[Recorded data]

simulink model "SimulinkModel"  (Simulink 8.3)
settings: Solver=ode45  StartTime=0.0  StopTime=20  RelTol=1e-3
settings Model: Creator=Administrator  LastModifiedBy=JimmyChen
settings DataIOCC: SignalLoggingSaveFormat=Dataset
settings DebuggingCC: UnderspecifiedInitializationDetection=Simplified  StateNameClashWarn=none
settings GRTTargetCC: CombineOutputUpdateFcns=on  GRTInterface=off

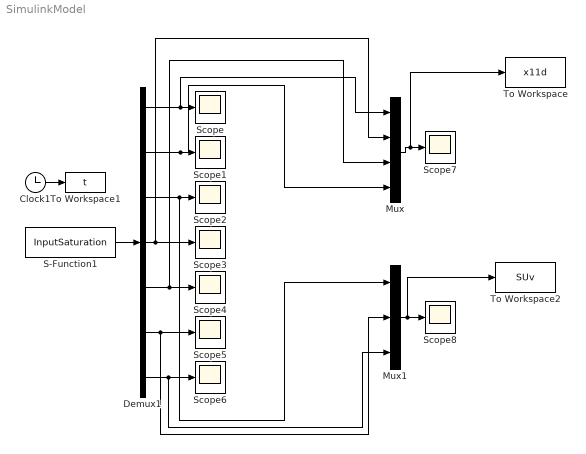
== system SimulinkModel ==
  Clock1 : Clock
  Demux1 : Demux  Outputs=7
  Mux : Mux
  Mux1 : Mux  Inputs=3
  S-Function1 : S-Function  FunctionName=InputSaturation  EnableBusSupport=off
  Scope{,1..8} (9 alike) : Scope
      Scope2 settings: SaveName=ScopeData2
      Scope3 settings: SaveName=ScopeData3
      Scope4 settings: SaveName=ScopeData4
      Scope5 settings: SaveName=ScopeData5
      Scope6 settings: SaveName=ScopeData6
      Scope7 settings: SaveName=ScopeData7
      Scope8 settings: SaveName=ScopeData8
  To Workspace : ToWorkspace  VariableName=x11d  SaveFormat=Timeseries  SampleTime=-1
  To Workspace1 : ToWorkspace  VariableName=t  SaveFormat=Timeseries  SampleTime=-1
  To Workspace2 : ToWorkspace  VariableName=SUv  SaveFormat=Timeseries  SampleTime=-1
  wires:
  S-Function1/1 -> Demux1/1
  Clock1/1 -> To Workspace1/1
  Demux1/1 -> Mux/1, Scope/1
  Demux1/2 -> Mux/4, Scope1/1
  Demux1/3 -> Mux1/1, Scope2/1
  Demux1/4 -> Mux/2, Scope3/1
  Demux1/5 -> Mux/3, Scope4/1
  Demux1/6 -> Mux1/2, Scope5/1
  Demux1/7 -> Mux1/3, Scope6/1
  Mux/1 -> To Workspace/1, Scope7/1
  Mux1/1 -> To Workspace2/1, Scope8/1
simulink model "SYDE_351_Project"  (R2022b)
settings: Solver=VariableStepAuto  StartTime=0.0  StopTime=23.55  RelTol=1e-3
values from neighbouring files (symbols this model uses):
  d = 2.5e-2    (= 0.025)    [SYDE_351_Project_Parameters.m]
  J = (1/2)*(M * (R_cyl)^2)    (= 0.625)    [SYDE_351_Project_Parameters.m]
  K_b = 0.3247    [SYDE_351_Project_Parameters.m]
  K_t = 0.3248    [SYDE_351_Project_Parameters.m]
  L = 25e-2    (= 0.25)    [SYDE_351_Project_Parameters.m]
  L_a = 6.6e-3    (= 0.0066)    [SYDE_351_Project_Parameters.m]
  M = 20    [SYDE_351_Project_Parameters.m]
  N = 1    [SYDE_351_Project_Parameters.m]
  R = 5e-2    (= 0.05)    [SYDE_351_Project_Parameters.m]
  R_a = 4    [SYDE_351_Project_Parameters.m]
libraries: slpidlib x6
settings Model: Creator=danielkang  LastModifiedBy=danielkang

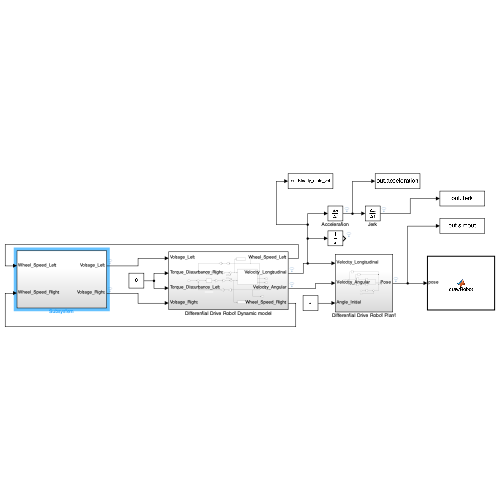
[thumbnail: Simulink's stored preview of the top-level diagram]
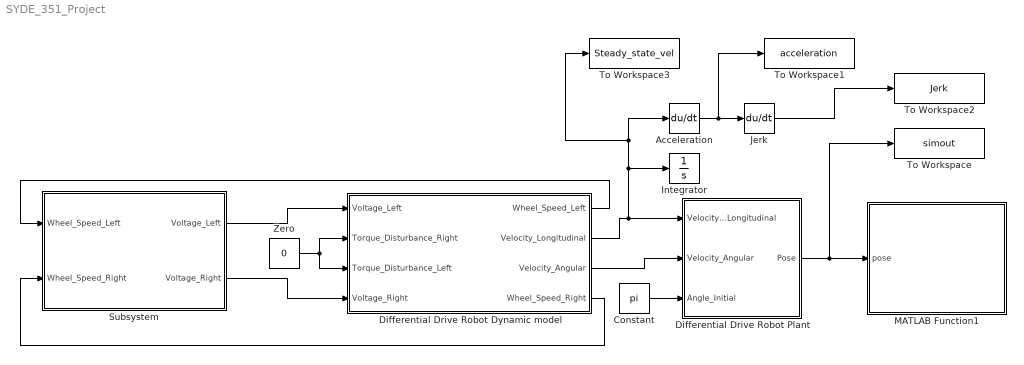
== system SYDE_351_Project ==
  Acceleration : Derivative
  Constant : Constant  Value=pi
  Differential Drive Robot Dynamic model : Subsystem
  Differential Drive Robot Plant : Subsystem
  Integrator : Integrator
  Jerk : Derivative
  MATLAB Function1 : MATLAB Function  TreatAsAtomicUnit=on
  Subsystem : Subsystem
  To Workspace : ToWorkspace  VariableName=simout  SampleTime=-1
      settings: Save2DSignal=2-D array (concatenate along first dimension)
  To Workspace1 : ToWorkspace  VariableName=acceleration  SampleTime=-1
      settings: Save2DSignal=2-D array (concatenate along first dimension)
  To Workspace2 : ToWorkspace  VariableName=Jerk  SampleTime=-1
      settings: Save2DSignal=2-D array (concatenate along first dimension)
  To Workspace3 : ToWorkspace  VariableName=Steady_state_vel  SampleTime=-1
      settings: Save2DSignal=2-D array (concatenate along first dimension)
  Zero : Constant  Value=0  OutDataTypeStr=Inherit: Inherit via back propagation
  wires:
  Zero/1 -> Differential Drive Robot Dynamic model/3(Torque_Disturbance_Left), Differential Drive Robot Dynamic model/2(Torque_Disturbance_Right)
  Differential Drive Robot Dynamic model/3(Velocity_Angular) -> Differential Drive Robot Plant/2(Velocity_Angular)
  Differential Drive Robot Plant/1(Pose) -> To Workspace/1, MATLAB Function1/1(pose)
  Differential Drive Robot Dynamic model/2(Velocity_Longitudinal) -> Integrator/1, To Workspace3/1, Acceleration/1, Differential Drive Robot Plant/1(Velocity_Longitudinal)
  Constant/1 -> Differential Drive Robot Plant/3(Angle_Initial)
  Acceleration/1 -> To Workspace1/1, Jerk/1
  Jerk/1 -> To Workspace2/1
  Subsystem/1(Voltage_Left) -> Differential Drive Robot Dynamic model/1(Voltage_Left)
  Subsystem/2(Voltage_Right) -> Differential Drive Robot Dynamic model/4(Voltage_Right)
  Differential Drive Robot Dynamic model/1(Wheel_Speed_Left) -> Subsystem/1(Wheel_Speed_Left)
  Differential Drive Robot Dynamic model/4(Wheel_Speed_Right) -> Subsystem/2(Wheel_Speed_Right)

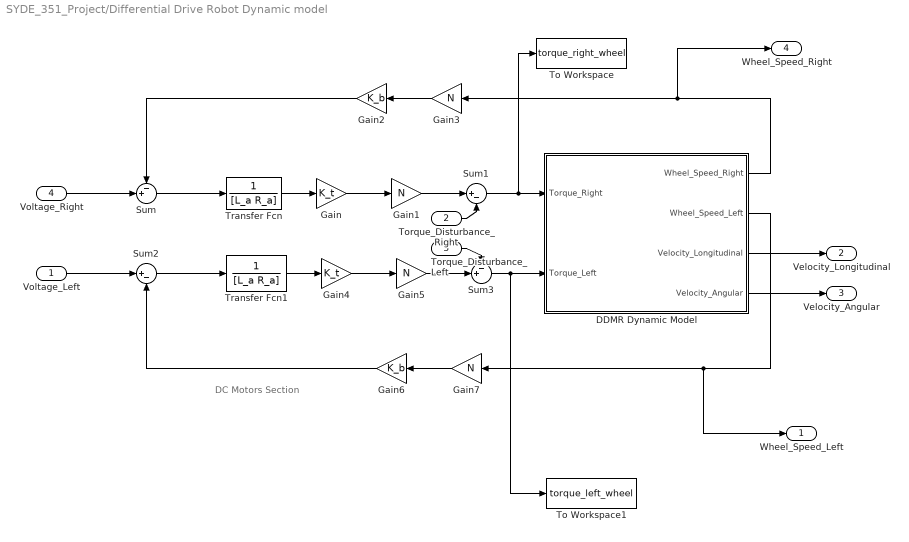
== system SYDE_351_Project/Differential Drive Robot Dynamic model ==
  note: DC Motors Section
  Voltage_Left : Inport
  Torque_Disturbance_Right : Inport  Port=2
  Torque_Disturbance_Left : Inport  Port=3
  Voltage_Right : Inport  Port=4
  DDMR Dynamic Model : Subsystem
  Gain : Gain  Gain=K_t
  Gain{1,3,5,7} (4 alike) : Gain  Gain=N
  Gain2 : Gain  Gain=K_b
  Gain4 : Gain  Gain=K_t
  Gain6 : Gain  Gain=K_b
  Sum : Sum  Inputs=-+|
  Sum1 : Sum  Inputs=|+-
  Sum2 : Sum  Inputs=|+-
  Sum3 : Sum  Inputs=-+|
  To Workspace : ToWorkspace  VariableName=torque_right_wheel  SaveFormat=Structure With Time  SampleTime=-1
      settings: Save2DSignal=2-D array (concatenate along first dimension)
  To Workspace1 : ToWorkspace  VariableName=torque_left_wheel  SaveFormat=Structure With Time  SampleTime=-1
  Transfer Fcn : TransferFcn  Denominator=[L_a R_a]
  Transfer Fcn1 : TransferFcn  Denominator=[L_a R_a]
  Wheel_Speed_Left : Outport
  Velocity_Longitudinal : Outport  Port=2
  Velocity_Angular : Outport  Port=3
  Wheel_Speed_Right : Outport  Port=4
  wires:
  Torque_Disturbance_Left/1 -> Sum3/1
  Gain5/1 -> Sum3/2
  Torque_Disturbance_Right/1 -> Sum1/2
  Gain7/1 -> Gain6/1
  Sum/1 -> Transfer Fcn/1
  Transfer Fcn1/1 -> Gain4/1
  Sum3/1 -> To Workspace1/1, DDMR Dynamic Model/2(Torque_Left)
  Sum1/1 -> To Workspace/1, DDMR Dynamic Model/1(Torque_Right)
  Gain6/1 -> Sum2/2
  Gain3/1 -> Gain2/1
  Sum2/1 -> Transfer Fcn1/1
  Gain4/1 -> Gain5/1
  Voltage_Right/1 -> Sum/2
  Voltage_Left/1 -> Sum2/1
  Gain2/1 -> Sum/1
  Transfer Fcn/1 -> Gain/1
  Gain/1 -> Gain1/1
  Gain1/1 -> Sum1/1
  DDMR Dynamic Model/1(Wheel_Speed_Right) -> Wheel_Speed_Right/1, Gain3/1
  DDMR Dynamic Model/3(Velocity_Longitudinal) -> Velocity_Longitudinal/1
  DDMR Dynamic Model/4(Velocity_Angular) -> Velocity_Angular/1
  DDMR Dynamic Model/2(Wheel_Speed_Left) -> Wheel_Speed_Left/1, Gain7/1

** Your goal **
Wherever "Outport" turns up in the records, copy the whole line.

** Worked solution **
  Wheel_Speed_Left : Outport
  Velocity_Longitudinal : Outport  Port=2
  Velocity_Angular : Outport  Port=3
  Wheel_Speed_Right : Outport  Port=4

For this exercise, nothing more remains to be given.